If tracklang.sty has to always iterate over 300 labels on the off-chance that this situation has occurred then it will result in a slower document compilation time even if the document author hasn’t used \babelprovide. The document author will complain to the package author that their package is slow to load, and the package author will complain to me that tracklang is slow to load, and we’ll all end up grumpy and frustrated with the situation. Currently tracklang.sty will only resort to this method if it detects that babel has been loaded but \bbl@load isn’t defined or if polyglossia has been loaded but \xpg@loaded hasn’t been defined.

If the document author really wants to use \babelprovide then they’ll need to pass the relevant options to tracklang.sty (or use the tracking commands provided in tracklang.tex). This can be done in the document class options, as in the earlier example, but this will also pass those options to babel, which is presumably not what the document author wants (otherwise they would just pass the options to babel). Another possibility is to load tracklang before babel:

\documentclass{article}
\usepackage[british,austrian]{tracklang}
\usepackage[british]{babel}
\babelprovide[import,main]{austrian}
\usepackage{mypackage}% internally loads tracklang.sty

The \RequirePackage{tracklang} line in mypackage.sty will now do nothing since tracklang.sty has already been loaded. We’re now back to the situation where the document author has to specify the required localisation multiple times.
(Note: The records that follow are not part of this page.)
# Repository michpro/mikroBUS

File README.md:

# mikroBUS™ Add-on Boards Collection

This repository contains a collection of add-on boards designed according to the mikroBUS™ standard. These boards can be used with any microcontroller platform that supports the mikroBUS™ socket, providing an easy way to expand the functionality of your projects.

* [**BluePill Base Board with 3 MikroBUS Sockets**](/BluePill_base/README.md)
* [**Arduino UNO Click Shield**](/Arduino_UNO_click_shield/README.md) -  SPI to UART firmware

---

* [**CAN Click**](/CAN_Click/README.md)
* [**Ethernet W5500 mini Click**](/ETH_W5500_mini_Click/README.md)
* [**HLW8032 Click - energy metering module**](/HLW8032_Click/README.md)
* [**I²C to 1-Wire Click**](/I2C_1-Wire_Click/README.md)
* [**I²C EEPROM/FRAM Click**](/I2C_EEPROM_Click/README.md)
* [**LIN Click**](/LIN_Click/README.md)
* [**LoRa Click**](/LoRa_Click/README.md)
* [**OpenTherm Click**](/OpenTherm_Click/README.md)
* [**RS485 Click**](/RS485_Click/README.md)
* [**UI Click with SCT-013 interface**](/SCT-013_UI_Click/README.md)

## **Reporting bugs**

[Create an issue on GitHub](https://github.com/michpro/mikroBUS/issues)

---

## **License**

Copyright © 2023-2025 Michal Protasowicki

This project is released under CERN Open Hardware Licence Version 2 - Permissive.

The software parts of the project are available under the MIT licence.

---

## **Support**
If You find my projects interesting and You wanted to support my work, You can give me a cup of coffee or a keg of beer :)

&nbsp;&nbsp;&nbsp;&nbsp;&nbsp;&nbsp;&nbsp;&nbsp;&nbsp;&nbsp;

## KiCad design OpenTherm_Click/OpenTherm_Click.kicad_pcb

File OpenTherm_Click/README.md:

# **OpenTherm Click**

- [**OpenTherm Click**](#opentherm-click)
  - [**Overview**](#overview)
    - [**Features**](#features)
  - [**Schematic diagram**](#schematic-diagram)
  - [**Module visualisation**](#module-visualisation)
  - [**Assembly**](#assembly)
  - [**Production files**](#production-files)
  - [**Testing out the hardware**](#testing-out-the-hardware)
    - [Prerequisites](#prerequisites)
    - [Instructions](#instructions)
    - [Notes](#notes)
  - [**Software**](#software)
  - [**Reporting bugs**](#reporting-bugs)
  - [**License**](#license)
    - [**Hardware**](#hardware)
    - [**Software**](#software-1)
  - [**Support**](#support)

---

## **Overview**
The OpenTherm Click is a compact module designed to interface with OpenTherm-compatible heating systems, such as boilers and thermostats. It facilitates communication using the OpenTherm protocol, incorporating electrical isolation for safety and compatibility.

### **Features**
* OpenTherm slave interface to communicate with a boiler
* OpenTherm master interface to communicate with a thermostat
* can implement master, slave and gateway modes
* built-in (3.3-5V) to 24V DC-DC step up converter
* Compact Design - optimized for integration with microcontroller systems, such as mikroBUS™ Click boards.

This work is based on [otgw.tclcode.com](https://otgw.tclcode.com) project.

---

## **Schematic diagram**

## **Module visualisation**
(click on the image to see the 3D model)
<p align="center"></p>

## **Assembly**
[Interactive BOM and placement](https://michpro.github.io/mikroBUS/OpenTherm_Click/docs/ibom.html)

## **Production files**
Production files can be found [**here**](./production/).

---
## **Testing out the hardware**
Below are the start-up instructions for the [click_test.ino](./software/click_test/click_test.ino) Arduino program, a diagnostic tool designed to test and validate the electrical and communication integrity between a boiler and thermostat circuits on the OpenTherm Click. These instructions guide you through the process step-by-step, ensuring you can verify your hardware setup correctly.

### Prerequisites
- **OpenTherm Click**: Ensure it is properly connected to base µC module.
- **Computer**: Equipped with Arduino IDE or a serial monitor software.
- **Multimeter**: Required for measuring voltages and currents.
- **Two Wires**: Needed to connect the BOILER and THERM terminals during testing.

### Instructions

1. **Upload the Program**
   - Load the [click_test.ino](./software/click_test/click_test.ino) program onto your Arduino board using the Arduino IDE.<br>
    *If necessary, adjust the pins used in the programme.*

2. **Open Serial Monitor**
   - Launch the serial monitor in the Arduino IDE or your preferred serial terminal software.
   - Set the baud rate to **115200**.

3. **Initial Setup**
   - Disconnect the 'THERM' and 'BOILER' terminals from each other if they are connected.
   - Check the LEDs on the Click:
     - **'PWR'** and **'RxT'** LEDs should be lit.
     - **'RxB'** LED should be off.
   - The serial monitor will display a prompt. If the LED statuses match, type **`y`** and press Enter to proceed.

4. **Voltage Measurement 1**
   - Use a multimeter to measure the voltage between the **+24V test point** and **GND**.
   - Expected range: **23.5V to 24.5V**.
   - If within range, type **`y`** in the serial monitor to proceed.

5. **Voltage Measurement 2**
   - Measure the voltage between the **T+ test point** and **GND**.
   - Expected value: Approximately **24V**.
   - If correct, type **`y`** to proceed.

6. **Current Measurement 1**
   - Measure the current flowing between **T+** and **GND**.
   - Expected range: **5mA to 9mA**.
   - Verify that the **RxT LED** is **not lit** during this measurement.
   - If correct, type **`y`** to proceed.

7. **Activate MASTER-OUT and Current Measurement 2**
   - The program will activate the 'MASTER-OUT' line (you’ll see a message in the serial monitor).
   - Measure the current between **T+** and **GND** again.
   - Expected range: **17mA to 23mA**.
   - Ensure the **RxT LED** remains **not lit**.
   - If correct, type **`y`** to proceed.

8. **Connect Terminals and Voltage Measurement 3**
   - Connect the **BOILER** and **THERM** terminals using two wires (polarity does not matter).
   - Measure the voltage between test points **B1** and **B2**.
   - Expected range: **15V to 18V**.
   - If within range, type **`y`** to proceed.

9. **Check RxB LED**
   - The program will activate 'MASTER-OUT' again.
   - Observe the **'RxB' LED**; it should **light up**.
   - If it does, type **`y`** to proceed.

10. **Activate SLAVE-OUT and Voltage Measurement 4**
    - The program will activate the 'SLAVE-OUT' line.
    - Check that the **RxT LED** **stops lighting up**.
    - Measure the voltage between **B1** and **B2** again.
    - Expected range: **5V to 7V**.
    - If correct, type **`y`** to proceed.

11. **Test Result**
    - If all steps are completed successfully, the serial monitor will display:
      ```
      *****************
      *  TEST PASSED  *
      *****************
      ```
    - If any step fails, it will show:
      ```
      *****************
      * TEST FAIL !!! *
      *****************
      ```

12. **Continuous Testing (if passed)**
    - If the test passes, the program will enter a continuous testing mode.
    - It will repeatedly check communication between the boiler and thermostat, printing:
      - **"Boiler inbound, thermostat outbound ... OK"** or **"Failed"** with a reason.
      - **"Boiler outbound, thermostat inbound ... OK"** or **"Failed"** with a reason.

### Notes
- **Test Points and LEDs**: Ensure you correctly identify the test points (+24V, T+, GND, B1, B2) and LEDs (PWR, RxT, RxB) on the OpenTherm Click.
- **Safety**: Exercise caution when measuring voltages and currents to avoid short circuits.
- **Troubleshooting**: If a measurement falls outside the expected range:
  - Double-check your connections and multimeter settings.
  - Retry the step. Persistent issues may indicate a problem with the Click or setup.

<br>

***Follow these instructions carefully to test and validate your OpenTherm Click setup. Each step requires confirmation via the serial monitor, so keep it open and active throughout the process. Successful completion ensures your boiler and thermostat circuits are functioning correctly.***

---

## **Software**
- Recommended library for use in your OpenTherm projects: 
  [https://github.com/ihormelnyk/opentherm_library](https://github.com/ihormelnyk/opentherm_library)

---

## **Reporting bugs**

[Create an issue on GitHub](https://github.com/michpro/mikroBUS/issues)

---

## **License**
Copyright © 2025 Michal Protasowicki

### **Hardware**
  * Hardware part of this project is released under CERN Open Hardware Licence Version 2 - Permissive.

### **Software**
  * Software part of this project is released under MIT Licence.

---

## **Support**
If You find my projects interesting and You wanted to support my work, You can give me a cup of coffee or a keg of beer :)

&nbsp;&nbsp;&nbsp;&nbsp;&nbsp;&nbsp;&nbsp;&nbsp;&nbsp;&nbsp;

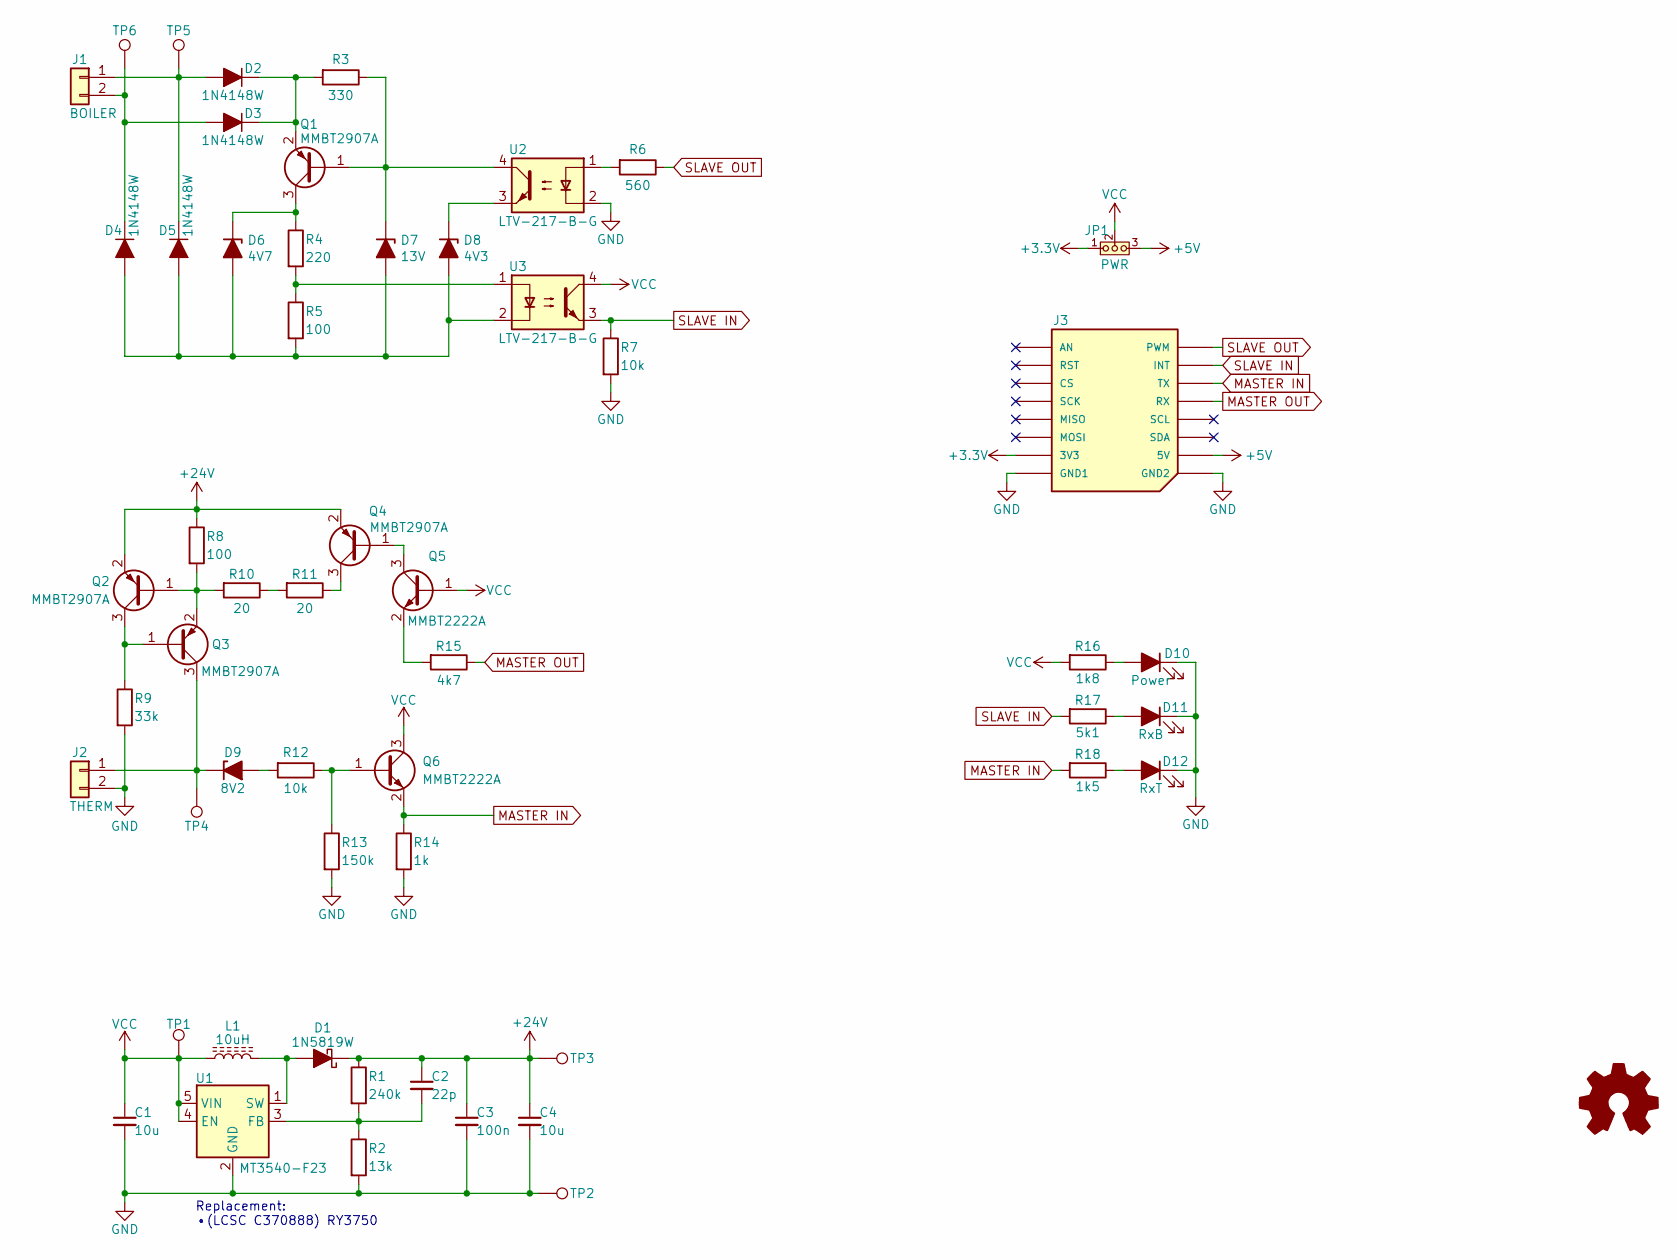
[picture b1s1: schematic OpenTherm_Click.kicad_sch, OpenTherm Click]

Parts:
C1: 10u; C_0603_1608Metric; LCSC C19702
C2: 22p; C_0603_1608Metric; LCSC C1653
C3: 100n; C_0603_1608Metric; LCSC C14663
C4: 10u; C_0805_2012Metric; LCSC C440198
D1: 1N5819W; D_SOD-123; LCSC C8598
D2, D3, D4, D5: 1N4148W; D_SOD-123; LCSC C7420318
D6: 4V7; D_SOD-123; LCSC C19077400
D7: 13V; D_SOD-123; LCSC C22399883
D8: 4V3; D_SOD-123; LCSC C19077399
D9: 8V2; D_SOD-123; LCSC C22399882
D10: Power; LED_0805_2012Metric; LCSC C84256
D11: RxB; LED_0805_2012Metric; LCSC C2297
D12: RxT; LED_0805_2012Metric; LCSC C2296
J1: BOILER; Altech_AK100_1x02_P5.00mm; LCSC ------
J2: THERM; Altech_AK100_1x02_P5.00mm; LCSC ------
J3: OpenTherm Click v${REVISION} by MPro; mikroBUS_module_L; LCSC -----
JP1: PWR; PinHeader_1x03_P2.54mm_Vertical; LCSC C5383112
L1: 10uH; Inductor_4.2x4.4mm; LCSC C177242
LOGO1: Logo_Open_Hardware_Small; OSHW-Logo2_7.3x6mm_SilkScreen
Q1, Q2, Q3, Q4: MMBT2907A; SOT-23; LCSC C7420352
Q5, Q6: MMBT2222A; SOT-23; LCSC C8512
R1: 240k; R_0603_1608Metric; LCSC C4197
R2: 13k; R_0603_1608Metric; LCSC C22797
R3: 330; R_0603_1608Metric; LCSC C23138
R4: 220; R_0603_1608Metric; LCSC C22962
R5, R8: 100; R_0603_1608Metric; LCSC C22775
R6: 560; R_0603_1608Metric; LCSC C23204
R7, R12: 10k; R_0603_1608Metric; LCSC C25804
R9: 33k; R_0603_1608Metric; LCSC C4216
R10, R11: 20; R_0603_1608Metric; LCSC C22950
R13: 150k; R_0603_1608Metric; LCSC C22807
R14: 1k; R_0603_1608Metric; LCSC C21190
R15: 4k7; R_0603_1608Metric; LCSC C23162
R16: 1k8; R_0603_1608Metric; LCSC C4177
R17: 5k1; R_0603_1608Metric; LCSC C23186
R18: 1k5; R_0603_1608Metric; LCSC C22843
TP1: VCC; TestPoint_Pad_D2.0mm; LCSC ------
TP2: GND; TestPoint_Pad_D2.0mm; LCSC ------
TP3: +24V; TestPoint_Pad_D2.0mm; LCSC ------
TP4: T+; TestPoint_Pad_D2.0mm; LCSC ------
TP5: B1; TestPoint_Pad_D2.0mm; LCSC ------
TP6: B2; TestPoint_Pad_D2.0mm; LCSC ------
U1: MT3540-F23; SOT-23-5; LCSC C181783
U2, U3: LTV-217-B-G; SOP-4_4.4x2.6mm_P1.27mm; LCSC C115450

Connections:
+3.3V: J3.P7 (3V3), JP1.1 (A)
+5V: J3.P10 (5V), JP1.3 (B)
+24V: C2.1, C3.1, C4.1, D1.1 (K), Q2.2 (E), Q4.2 (E), R1.1, R8.1, TP3.1
GND: C1.2, C3.2, C4.2, D10.1 (K), D11.1 (K), D12.1 (K), J2.2, J3.P8 (GND1), J3.P9 (GND2), R2.2, R7.2, R9.2, R13.2, R14.2, TP2.1, U1.2 (GND), U2.2
MASTER IN: J3.P14 (TX), Q6.2 (E), R14.1, R18.2
MASTER OUT: J3.P13 (RX), R15.1
unnamed: D1.2 (A), L1.2, U1.1 (SW)
unnamed: D2.2 (A), D5.1 (K), J1.1, TP5.1
unnamed: D2.1 (K), D3.1 (K), Q1.2 (E), R3.2
unnamed: D3.2 (A), D4.1 (K), J1.2, TP6.1
unnamed: D4.2 (A), D5.2 (A), D6.2 (A), D7.2 (A), D8.2 (A), R5.2, U3.2
unnamed: D6.1 (K), Q1.3 (C), R4.1
unnamed: D7.1 (K), Q1.1 (B), R3.1, U2.4
unnamed: D8.1 (K), U2.3
unnamed: D9.2 (A), R12.2
unnamed: D9.1 (K), J2.1, Q3.3 (C), TP4.1
unnamed: D10.2 (A), R16.1
unnamed: D11.2 (A), R17.1
unnamed: D12.2 (A), R18.1
unnamed: Q2.1 (B), Q3.2 (E), R8.2, R10.2
unnamed: Q2.3 (C), Q3.1 (B), R9.1
unnamed: Q4.1 (B), Q5.3 (C)
unnamed: Q4.3 (C), R11.1
unnamed: Q5.2 (E), R15.2
unnamed: Q6.1 (B), R12.1, R13.1
unnamed: R4.2, R5.1, U3.1
unnamed: R6.2, U2.1
unnamed: R10.1, R11.2
unnamed: C2.2, R1.2, R2.1, U1.3 (FB)
SLAVE IN: J3.P15 (INT), R7.1, R17.2, U3.3
SLAVE OUT: J3.P16 (PWM), R6.1
VCC: C1.1, JP1.2 (C), L1.1, Q5.1 (B), Q6.3 (C), R16.2, TP1.1, U1.4 (EN), U1.5 (VIN), U3.4

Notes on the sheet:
Replacement: •(LCSC C370888) RY3750

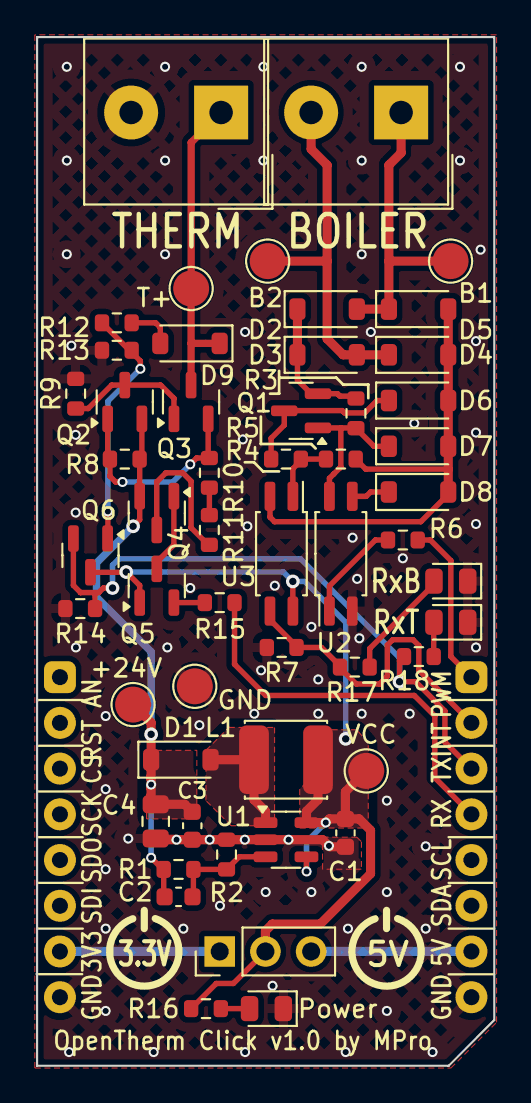
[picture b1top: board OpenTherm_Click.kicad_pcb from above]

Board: 2 copper layers, 25.4 x 57.2 mm, 55 parts (1 on the bottom side), 32 nets.

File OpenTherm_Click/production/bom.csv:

Designator,Footprint,Quantity,Value,LCSC Part #
C1,0603,1,10u,C19702
C2,0603,1,22p,C1653
C3,0603,1,100n,C14663
C4,0805,1,10u,C440198
D1,D_SOD-123,1,1N5819W,C8598
D10,0805,1,Power,C84256
D11,0805,1,RxB,C2297
D12,0805,1,RxT,C2296
"D2, D3, D4, D5",D_SOD-123,4,1N4148W,C7420318
D6,D_SOD-123,1,4V7,C19077400
D7,D_SOD-123,1,13V,C22399883
D8,D_SOD-123,1,4V3,C19077399
D9,D_SOD-123,1,8V2,C22399882
JP1,PinHeader_1x03_P2.54mm_Vertical,1,PWR,C5383112
L1,Inductor_4.2x4.4mm,1,10uH,C177242
"Q1, Q2, Q3, Q4",SOT-23,4,MMBT2907A,C7420352
"Q5, Q6",SOT-23,2,MMBT2222A,C8512
R1,0603,1,240k,C4197
"R10, R11",0603,2,20,C22950
"R12, R7",0603,2,10k,C25804
R13,0603,1,150k,C22807
R14,0603,1,1k,C21190
R15,0603,1,4k7,C23162
R16,0603,1,1k8,C4177
R17,0603,1,5k1,C23186
R18,0603,1,1k5,C22843
R2,0603,1,13k,C22797
R3,0603,1,330,C23138
R4,0603,1,220,C22962
"R5, R8",0603,2,100,C22775
R6,0603,1,560,C23204
R9,0603,1,33k,C4216
U1,SOT-23-5,1,MT3540-F23,C181783
"U2, U3",SOP-4_4.4x2.6mm_P1.27mm,2,LTV-217-B-G,C115450

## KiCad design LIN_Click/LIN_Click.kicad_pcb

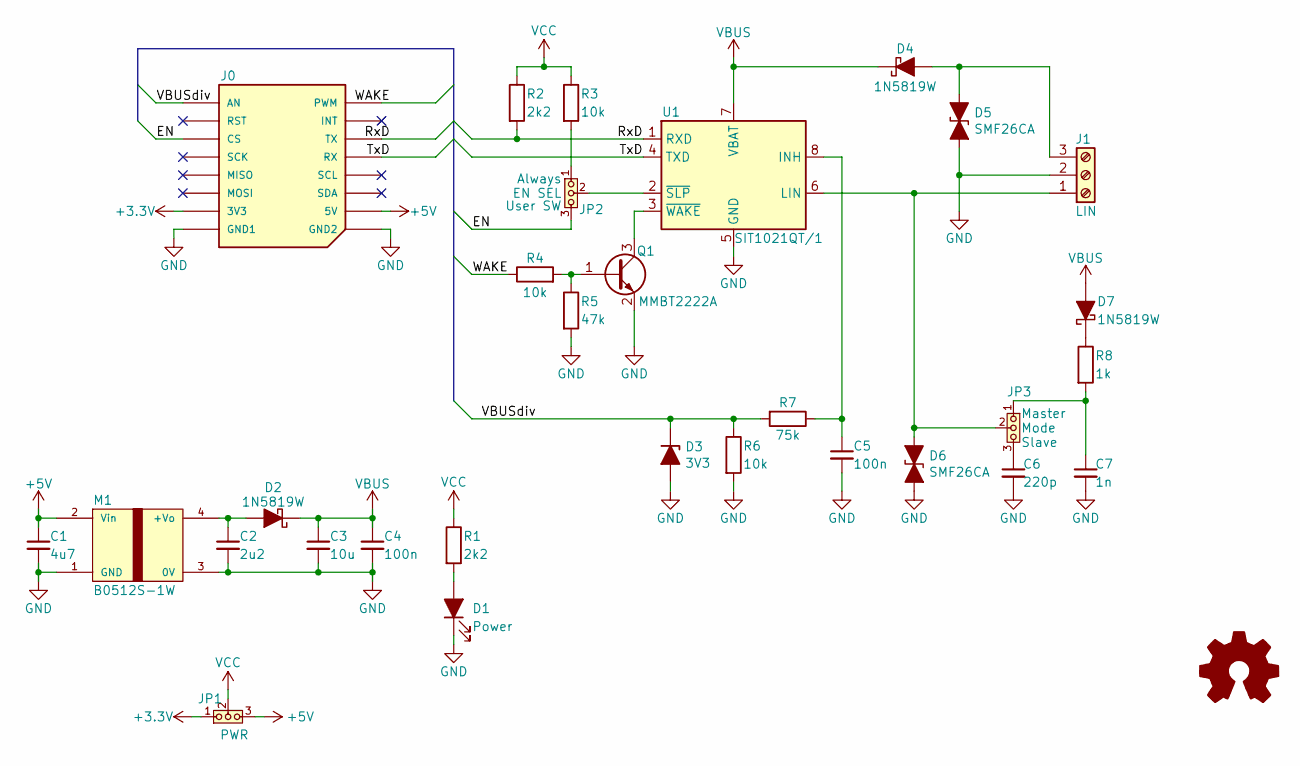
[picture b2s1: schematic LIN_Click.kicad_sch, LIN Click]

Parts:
C1: 4u7; C_0805_2012Metric; LCSC C1779
C2: 2u2; C_0805_2012Metric; LCSC C377773
C3: 10u; C_0805_2012Metric; LCSC C440198
C4, C5: 100n; C_0805_2012Metric; LCSC C49678
C6: 220p; C_0805_2012Metric; LCSC C107145
C7: 1n; C_0805_2012Metric; LCSC C46653
D1: Power; LED_0805_2012Metric; LCSC C2296
D2, D4, D7: 1N5819W; D_SOD-123; LCSC C8598
D3: 3V3; D_SOD-123; LCSC C19077392
D5, D6: SMF26CA; D_SOD-123FL; LCSC C19077516
J0: LIN Click v${REVISION} by MPro; mikroBUS_module_M; LCSC -----
J1: LIN; DG250-3.5-03P-11-00AH; LCSC -----
JP1: PWR; PinHeader_1x03_P2.54mm_Vertical; LCSC C5383112
JP2: EN SEL; PinHeader_1x03_P2.54mm_Vertical; LCSC C5383112
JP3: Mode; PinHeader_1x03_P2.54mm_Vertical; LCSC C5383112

Ideally it would be best if all language packages used a common framework to globally register the document localisation settings. If you are a language package author and you want to use tracklang for this then the article Integrating tracklang into Language Packages gives an example of how to do this.

If you’re a package author and you need your package to detect the document localisation settings then the article Using tracklang in Packages with Localisation Features gives an example of how to do this.

The final article in this set is Writing a datetime2 Language Module, which provides a practical example.


¹The definition of the command \today is shown in the LaTeX kernel documentation (texdoc source2e) but texdef -t latex -c minimal today shows that it’s not part of the minimal core code.